Were adjusted by a molar ratio of (2) / (1) = 1.02 or less to obtain two kinds of polycarbonate resins obtained by the interfacial polymerization method (Comparative Example 2: viscosity average molecular weight of 15300, BPA amount of 300 pp
m; Comparative Example 3: viscosity average molecular weight of 15,400, BPA amount of 1
00 ppm) and the temperature of the polymer filter is 3
A polycarbonate resin pellet was obtained in exactly the same manner as in Example 1, except that the temperature was changed to 50 ° C. The evaluation results are shown in Table 1.

[0035]

[Table 1]

As shown in Examples 1 and 2 in Table 1 above,
According to the present invention, by setting the temperature at the time of passing through a polymer filter to a specific range, it is possible to prevent mixing of a transparent foreign substance into a product, and to obtain an aromatic polycarbonate resin composition having excellent transparency and moldability. I understand.

[0037]

According to the present invention, the transparency of the aromatic polycarbonate resin composition is reduced, and molding defects are caused.
It is possible to prevent the generation and mixing of a transparent foreign substance that causes a recording error.

Continued on the front page (72) Inventor Kazumasa Morita 1-1 Kurosaki Castle Stone, Yawatanishi-ku, Kitakyushu City, Fukuoka Prefecture Inside the Kurosaki Office of Mitsubishi Chemical Corporation (72) Inventor Masahiro Yoshizumi 1-1, Kurosaki Castle Stone, Yawata Nishi-ku, Kitakyushu City, Fukuoka Mitsubishi F-term (reference) at Kurosaki Office of Chemical Co., Ltd.
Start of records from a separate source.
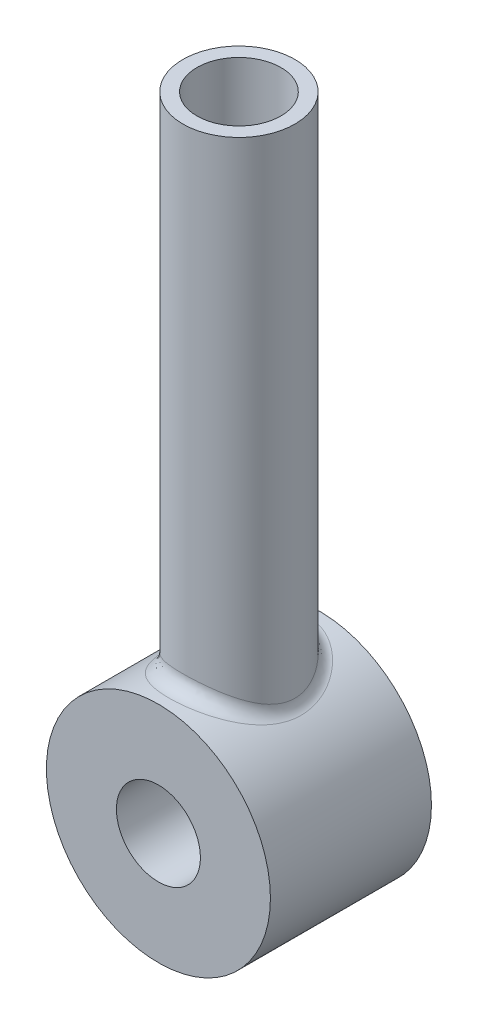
ISO-10303-21;
HEADER;
FILE_DESCRIPTION(('STEP AP214'),'2;1');
FILE_NAME('part.step','',(''),(''),'','','');
FILE_SCHEMA(('AUTOMOTIVE_DESIGN { 1 0 10303 214 1 1 1 1 }'));
ENDSEC;
DATA;
#1=APPLICATION_CONTEXT('core data for automotive mechanical design processes');
#2=APPLICATION_PROTOCOL_DEFINITION('international standard','automotive_design',2000,#1);
#3=PRODUCT_CONTEXT('',#1,'mechanical');
#4=PRODUCT('Part','Part','',(#3));
#5=PRODUCT_RELATED_PRODUCT_CATEGORY('part','',(#4));
#6=PRODUCT_DEFINITION_FORMATION('','',#4);
#7=PRODUCT_DEFINITION_CONTEXT('part definition',#1,'design');
#8=PRODUCT_DEFINITION('design','',#6,#7);
#9=PRODUCT_DEFINITION_SHAPE('','',#8);
#10=(LENGTH_UNIT() NAMED_UNIT(*) SI_UNIT(.MILLI.,.METRE.));
#11=(NAMED_UNIT(*) PLANE_ANGLE_UNIT() SI_UNIT($,.RADIAN.));
#12=(NAMED_UNIT(*) SI_UNIT($,.STERADIAN.) SOLID_ANGLE_UNIT());
#13=UNCERTAINTY_MEASURE_WITH_UNIT(LENGTH_MEASURE(1.E-05),#10,'distance_accuracy_value','');
#14=(GEOMETRIC_REPRESENTATION_CONTEXT(3) GLOBAL_UNCERTAINTY_ASSIGNED_CONTEXT((#13)) GLOBAL_UNIT_ASSIGNED_CONTEXT((#10,
#11,#12)) REPRESENTATION_CONTEXT('',''));
#15=CARTESIAN_POINT('',(0.,0.,0.));
#16=DIRECTION('',(0.,0.,1.));
#17=DIRECTION('',(1.,0.,0.));
#18=AXIS2_PLACEMENT_3D('',#15,#16,#17);
#19=CARTESIAN_POINT('',(1.12764573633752E-05,-7.38049995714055,15.8125404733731));
#20=DIRECTION('',(0.,0.,-1.));
#21=DIRECTION('',(-1.,0.,0.));
#22=AXIS2_PLACEMENT_3D('',#19,#20,#21);
#23=CYLINDRICAL_SURFACE('',#22,14.);
#24=CARTESIAN_POINT('',(-3.06461596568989,6.27995610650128,-2.29208771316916));
#25=CARTESIAN_POINT('',(-2.46024483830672,6.41554251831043,-0.811377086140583));
#26=CARTESIAN_POINT('',(-2.75815324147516,7.98751311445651,-0.683662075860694));
#27=CARTESIAN_POINT('',(-2.85996545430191,6.32586893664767,-2.39079084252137));
#28=CARTESIAN_POINT('',(-2.28454614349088,6.44540163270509,-0.876553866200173));
#29=CARTESIAN_POINT('',(-2.57396778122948,8.03916504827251,-0.762624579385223));
#30=CARTESIAN_POINT('',(-2.65081958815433,6.36794960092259,-2.47994843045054));
#31=CARTESIAN_POINT('',(-2.10892367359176,6.47177377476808,-0.933612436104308));
#32=CARTESIAN_POINT('',(-2.38573650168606,8.08650579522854,-0.833950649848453));
#33=CARTESIAN_POINT('',(-2.22511609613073,6.44322905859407,-2.63802722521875));
#34=CARTESIAN_POINT('',(-1.75666255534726,6.51800594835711,-1.03323233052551));
#35=CARTESIAN_POINT('',(-2.00260335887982,8.1711951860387,-0.960413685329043));
#36=CARTESIAN_POINT('',(-2.00856240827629,6.47643249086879,-2.70695900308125));
#37=CARTESIAN_POINT('',(-1.58035630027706,6.53776531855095,-1.0755727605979));
#38=CARTESIAN_POINT('',(-1.80770503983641,8.2085490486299,-1.01555910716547));
#39=CARTESIAN_POINT('',(-1.56986497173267,6.53296003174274,-2.82361732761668));
#40=CARTESIAN_POINT('',(-1.22745481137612,6.57088437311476,-1.14640009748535));
#41=CARTESIAN_POINT('',(-1.41287734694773,8.27214253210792,-1.10888576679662));
#42=CARTESIAN_POINT('',(-1.34772494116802,6.55629053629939,-2.87135760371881));
#43=CARTESIAN_POINT('',(-1.051269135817,6.58416455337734,-1.17471590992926));
#44=CARTESIAN_POINT('',(-1.21295131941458,8.29838934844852,-1.14707798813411));
#45=CARTESIAN_POINT('',(-0.899756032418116,6.59236250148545,-2.94494050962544));
#46=CARTESIAN_POINT('',(-0.698736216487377,6.60453078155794,-1.21810975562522));
#47=CARTESIAN_POINT('',(-0.809779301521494,8.33897030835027,-1.20594431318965));
#48=CARTESIAN_POINT('',(-0.673927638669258,6.60510534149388,-2.97078599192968));
#49=CARTESIAN_POINT('',(-0.522854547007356,6.61156228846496,-1.23307140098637));
#50=CARTESIAN_POINT('',(-0.606533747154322,8.35330600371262,-1.22662069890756));
#51=CARTESIAN_POINT('',(-0.248278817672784,6.61871636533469,-2.9983783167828));
#52=CARTESIAN_POINT('',(-0.192188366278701,6.61907760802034,-1.24906130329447));
#53=CARTESIAN_POINT('',(-0.223449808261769,8.36861840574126,-1.24869455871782));
#54=CARTESIAN_POINT('',(-0.0486246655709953,6.62083692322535,-3.0026669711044));
#55=CARTESIAN_POINT('',(-0.0377582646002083,6.62023590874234,-1.25152488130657));
#56=CARTESIAN_POINT('',(-0.0437610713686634,8.3710040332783,-1.25212548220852));
#57=CARTESIAN_POINT('',(0.350363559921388,6.61653753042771,-2.99395996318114));
#58=CARTESIAN_POINT('',(0.271547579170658,6.61787051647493,-1.24649309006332));
#59=CARTESIAN_POINT('',(0.31532833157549,8.36616721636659,-1.24515987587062));
#60=CARTESIAN_POINT('',(0.549697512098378,6.61011487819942,-2.98095883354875));
#61=CARTESIAN_POINT('',(0.426083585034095,6.61435052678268,-1.23900559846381));
#62=CARTESIAN_POINT('',(0.494728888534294,8.35894173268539,-1.23475897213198));
#63=CARTESIAN_POINT('',(0.946344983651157,6.58889100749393,-2.93784179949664));
#64=CARTESIAN_POINT('',(0.735611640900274,6.60253840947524,-1.21386245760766));
#65=CARTESIAN_POINT('',(0.8517116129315,8.3350648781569,-1.20026534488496));
#66=CARTESIAN_POINT('',(1.14365941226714,6.57409374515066,-2.90773397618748));
#67=CARTESIAN_POINT('',(0.89027401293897,6.59427394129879,-1.19626571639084));
#68=CARTESIAN_POINT('',(1.02929459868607,8.31841795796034,-1.17617908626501));
#69=CARTESIAN_POINT('',(1.53498585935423,6.53648649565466,-2.83077886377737));
#70=CARTESIAN_POINT('',(1.20014122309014,6.57281895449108,-1.15051141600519));
#71=CARTESIAN_POINT('',(1.38148840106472,8.27610980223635,-1.11461499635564));
#72=CARTESIAN_POINT('',(1.72899658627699,6.51367344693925,-2.78392517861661));
#73=CARTESIAN_POINT('',(1.35504116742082,6.55967072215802,-1.12244427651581));
#74=CARTESIAN_POINT('',(1.55609805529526,8.25044512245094,-1.07713204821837));
#75=CARTESIAN_POINT('',(2.10583117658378,6.46148196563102,-2.67589117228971));
#76=CARTESIAN_POINT('',(1.65981122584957,6.52881805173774,-1.05638838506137));
#77=CARTESIAN_POINT('',(1.89524918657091,8.19172970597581,-0.990704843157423));
#78=CARTESIAN_POINT('',(2.28881150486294,6.43235152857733,-2.61524866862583));
#79=CARTESIAN_POINT('',(1.80939528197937,6.51134103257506,-1.01889307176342));
#80=CARTESIAN_POINT('',(2.05993148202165,8.15895796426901,-0.942190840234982));
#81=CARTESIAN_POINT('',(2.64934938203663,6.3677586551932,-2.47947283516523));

KD01 KE11 KH05 LB05 5D029 KA07 KA19

Claims (4)

[Claims] 1. An aromatic polycarbonate resin composition characterized in that the number of transparent foreign substances having a size of 10 μm or more present in the aromatic polycarbonate resin composition obtained by the interfacial polymerization method is 5 / g or less. 2. The amount of the aromatic dihydroxy compound present in the aromatic polycarbonate resin is based on the weight of the resin.
The aromatic polycarbonate resin composition according to claim 1, wherein the content is 50 ppm or less. 3. A method in which an aromatic polycarbonate resin obtained by interfacial polymerization of an aromatic dihydroxy compound and a carbonate compound is melt-kneaded with an additive and then passed through a polymer filter. Is 280 to 340 ° C., the method for producing an aromatic polycarbonate resin composition. 4. An optical information recording medium obtained by molding the aromatic polycarbonate resin composition according to claim 1 or 2 or the aromatic polycarbonate resin composition obtained by the method according to claim 3.